PERMANENT EU HEADQUARTERS

The way the European Union will address the identified shortcomings and gaps in the way CSDP military missions and operations are currently planned and conducted constitutes a dif-

1 The current financial mechanism can be found under chapter 3.5. The European Peace Facility on page 103.

ferent kind of challenge. Amongst these shortcomings are the extended periods of absence commanders are obliged to take from their posts in order to be in Brussels. They also result in the loss of the valuable, hard-won experience, lessons learnt and valuable expertise gained after a mission or operation concludes. The procedures followed so far in the EU, which are tested, proven and coherent, differ from those used by national defence institutions. The creation of a permanent EU planning and management structure and an operational headquarters have been clearly identified as the corrective steps, streamlining EU practices with well-established and proven norms. The challenge is to strike a balance between those Member States that call for a more ambitious development of European Union military capabilities, and those that express scepticism on the grounds of avoiding unnecessary duplication with NATO, a subject on which there is unanimous agreement.

Agreement also exists on deepening cooperation with NATO in a number of commonly identified areas of mutual interest. This is also a field that presents a challenge, taking into account the different nature of each institution and the prevailing political sensitivities of certain Member States. Practical cooperation is exercised at the tactical level, by solving problems on the ground and maximising the effectiveness of the respective missions and operations.

INTERNAL AND EXTERNAL SECURITY

The blurring of the boundaries of the traditional internal/external security division and the acknowledgement of the need to address the internal/external security nexus demand, rather than require, closer cooperation between the military and security forces.
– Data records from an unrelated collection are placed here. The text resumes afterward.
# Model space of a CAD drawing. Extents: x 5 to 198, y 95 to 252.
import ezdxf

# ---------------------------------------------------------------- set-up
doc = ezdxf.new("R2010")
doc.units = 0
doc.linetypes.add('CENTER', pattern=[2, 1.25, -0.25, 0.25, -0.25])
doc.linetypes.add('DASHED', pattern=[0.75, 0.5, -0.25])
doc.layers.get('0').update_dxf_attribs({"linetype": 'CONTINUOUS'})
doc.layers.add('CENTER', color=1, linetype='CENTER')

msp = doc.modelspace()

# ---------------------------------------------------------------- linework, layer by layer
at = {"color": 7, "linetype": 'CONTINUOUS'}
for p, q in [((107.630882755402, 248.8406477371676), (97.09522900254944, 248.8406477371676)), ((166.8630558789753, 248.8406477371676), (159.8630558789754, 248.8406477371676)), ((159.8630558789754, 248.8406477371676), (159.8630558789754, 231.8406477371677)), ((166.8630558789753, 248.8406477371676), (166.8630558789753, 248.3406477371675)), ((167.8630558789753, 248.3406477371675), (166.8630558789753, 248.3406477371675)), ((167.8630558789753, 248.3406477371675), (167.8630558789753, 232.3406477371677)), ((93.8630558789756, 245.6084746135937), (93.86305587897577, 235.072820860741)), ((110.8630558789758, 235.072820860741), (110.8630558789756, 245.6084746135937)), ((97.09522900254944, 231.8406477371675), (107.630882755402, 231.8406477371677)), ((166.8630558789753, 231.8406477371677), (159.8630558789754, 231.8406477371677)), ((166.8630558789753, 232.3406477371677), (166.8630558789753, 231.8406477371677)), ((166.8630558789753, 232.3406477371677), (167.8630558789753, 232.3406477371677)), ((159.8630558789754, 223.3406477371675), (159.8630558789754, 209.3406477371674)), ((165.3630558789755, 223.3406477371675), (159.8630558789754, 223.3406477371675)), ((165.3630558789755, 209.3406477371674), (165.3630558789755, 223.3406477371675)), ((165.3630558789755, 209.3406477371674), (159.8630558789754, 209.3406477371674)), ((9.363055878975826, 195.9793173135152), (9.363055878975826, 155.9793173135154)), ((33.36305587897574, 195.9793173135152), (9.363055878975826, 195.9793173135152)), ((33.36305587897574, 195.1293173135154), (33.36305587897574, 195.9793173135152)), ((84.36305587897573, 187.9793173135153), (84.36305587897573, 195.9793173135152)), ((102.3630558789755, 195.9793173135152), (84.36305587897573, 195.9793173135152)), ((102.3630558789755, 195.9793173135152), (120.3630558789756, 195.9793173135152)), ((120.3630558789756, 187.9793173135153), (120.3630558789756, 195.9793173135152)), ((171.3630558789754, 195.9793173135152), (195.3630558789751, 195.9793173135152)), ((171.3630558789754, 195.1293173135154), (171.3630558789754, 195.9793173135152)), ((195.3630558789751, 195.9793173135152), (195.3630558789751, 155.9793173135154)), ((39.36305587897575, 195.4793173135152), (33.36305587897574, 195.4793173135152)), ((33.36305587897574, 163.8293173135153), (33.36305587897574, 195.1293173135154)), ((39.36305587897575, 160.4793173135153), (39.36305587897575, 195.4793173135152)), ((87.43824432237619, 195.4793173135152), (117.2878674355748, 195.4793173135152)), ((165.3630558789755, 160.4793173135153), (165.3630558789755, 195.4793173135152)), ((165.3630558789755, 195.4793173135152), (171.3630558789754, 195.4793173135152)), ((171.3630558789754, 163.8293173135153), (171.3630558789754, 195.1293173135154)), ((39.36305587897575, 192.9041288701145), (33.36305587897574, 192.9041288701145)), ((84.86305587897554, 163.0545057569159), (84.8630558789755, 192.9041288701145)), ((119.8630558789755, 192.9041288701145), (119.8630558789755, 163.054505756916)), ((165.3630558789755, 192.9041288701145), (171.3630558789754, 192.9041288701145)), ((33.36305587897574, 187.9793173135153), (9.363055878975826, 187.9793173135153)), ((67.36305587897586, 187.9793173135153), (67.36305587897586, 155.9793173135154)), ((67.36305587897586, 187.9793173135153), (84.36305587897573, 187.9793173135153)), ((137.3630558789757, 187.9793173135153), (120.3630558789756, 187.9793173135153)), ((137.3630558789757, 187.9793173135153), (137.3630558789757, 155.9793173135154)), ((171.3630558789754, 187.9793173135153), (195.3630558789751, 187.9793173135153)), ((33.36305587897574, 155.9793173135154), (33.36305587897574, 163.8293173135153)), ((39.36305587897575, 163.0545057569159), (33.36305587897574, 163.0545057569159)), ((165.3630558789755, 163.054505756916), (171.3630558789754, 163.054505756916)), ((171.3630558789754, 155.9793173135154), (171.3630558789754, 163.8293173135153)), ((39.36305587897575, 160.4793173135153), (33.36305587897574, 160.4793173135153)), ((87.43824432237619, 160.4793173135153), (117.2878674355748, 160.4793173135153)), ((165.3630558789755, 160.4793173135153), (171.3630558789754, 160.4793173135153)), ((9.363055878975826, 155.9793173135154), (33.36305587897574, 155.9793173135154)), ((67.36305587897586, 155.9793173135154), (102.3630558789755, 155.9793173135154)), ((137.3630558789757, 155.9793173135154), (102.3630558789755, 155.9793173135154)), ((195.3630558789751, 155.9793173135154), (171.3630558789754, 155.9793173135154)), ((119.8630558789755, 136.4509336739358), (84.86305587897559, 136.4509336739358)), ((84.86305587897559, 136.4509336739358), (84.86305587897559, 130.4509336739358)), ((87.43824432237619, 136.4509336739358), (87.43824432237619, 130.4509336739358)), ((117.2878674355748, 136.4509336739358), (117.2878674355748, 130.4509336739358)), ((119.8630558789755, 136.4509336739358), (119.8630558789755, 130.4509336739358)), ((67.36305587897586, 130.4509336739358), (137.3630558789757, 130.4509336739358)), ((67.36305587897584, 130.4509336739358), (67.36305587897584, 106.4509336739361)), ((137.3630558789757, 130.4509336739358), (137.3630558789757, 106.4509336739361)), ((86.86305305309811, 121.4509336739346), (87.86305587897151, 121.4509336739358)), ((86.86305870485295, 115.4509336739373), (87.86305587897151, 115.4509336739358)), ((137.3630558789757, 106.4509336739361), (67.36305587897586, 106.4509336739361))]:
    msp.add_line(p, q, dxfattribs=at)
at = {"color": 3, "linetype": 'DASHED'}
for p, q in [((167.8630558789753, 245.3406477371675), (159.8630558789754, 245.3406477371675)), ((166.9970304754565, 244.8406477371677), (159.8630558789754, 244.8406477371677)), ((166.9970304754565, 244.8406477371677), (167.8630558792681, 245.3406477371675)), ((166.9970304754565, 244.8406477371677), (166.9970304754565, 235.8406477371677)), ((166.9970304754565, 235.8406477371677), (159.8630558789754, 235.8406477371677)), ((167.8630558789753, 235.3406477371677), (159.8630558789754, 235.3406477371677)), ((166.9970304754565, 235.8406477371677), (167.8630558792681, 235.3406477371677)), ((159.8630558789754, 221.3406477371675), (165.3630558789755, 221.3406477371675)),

This has already been witnessed in a number of Member States, which mobilised their national Armed Forces in order to respond to situations such as the migrant crisis, whose intensity overwhelmed the capacities of the responsible civilian authorities. In the future there may be a request for an EU military mission to provide this kind of support to a Member State, as some have already implied.

The invocation of Article 42.(7) (mutual assistance clause) of the TEU by France, following the deadly November 2015 terrorist attacks in Paris raised the issue and fuelled discussions about the ways in which the European Union might provide assistance to a Member State in a similar situation in the future. This discussion also included Article 222 (the solidarity clause) of the TFEU.

The explicit reference of the latter to the use of the military resources available to the European Union (‘[…] mobilise all the instruments at its disposal, including the military resources made available by the Member States […]’), presents an additional opportunity to reflect on the ways this could be made possible, in particular because Article 222 TFEU is not part of the Common Security and Defence Policy and therefore does not fall under the responsibility of the EUMC.

EU: GLOBAL ACTOR AND SECURITY PROVIDER

The European Union is a global actor and a security provider. As such it enjoys great respect and is highly regarded. Nevertheless, this cannot be taken for granted: an actor’s position in the international system and its relative power is constantly evaluated and recalculated, based upon its decisions and its positions. In the contemporary security environment, characterised by instability and revisionism, new actors – state and non-state alike – have emerged. If the European Union wishes to be acclaimed as a respected security provider it needs to decisively and convincingly position itself as such. At the conceptual level, the presentation of the EU Global Strategy on Foreign and Security Policy and the Implementation Plan on Security and Defence was very timely. It is now time for action.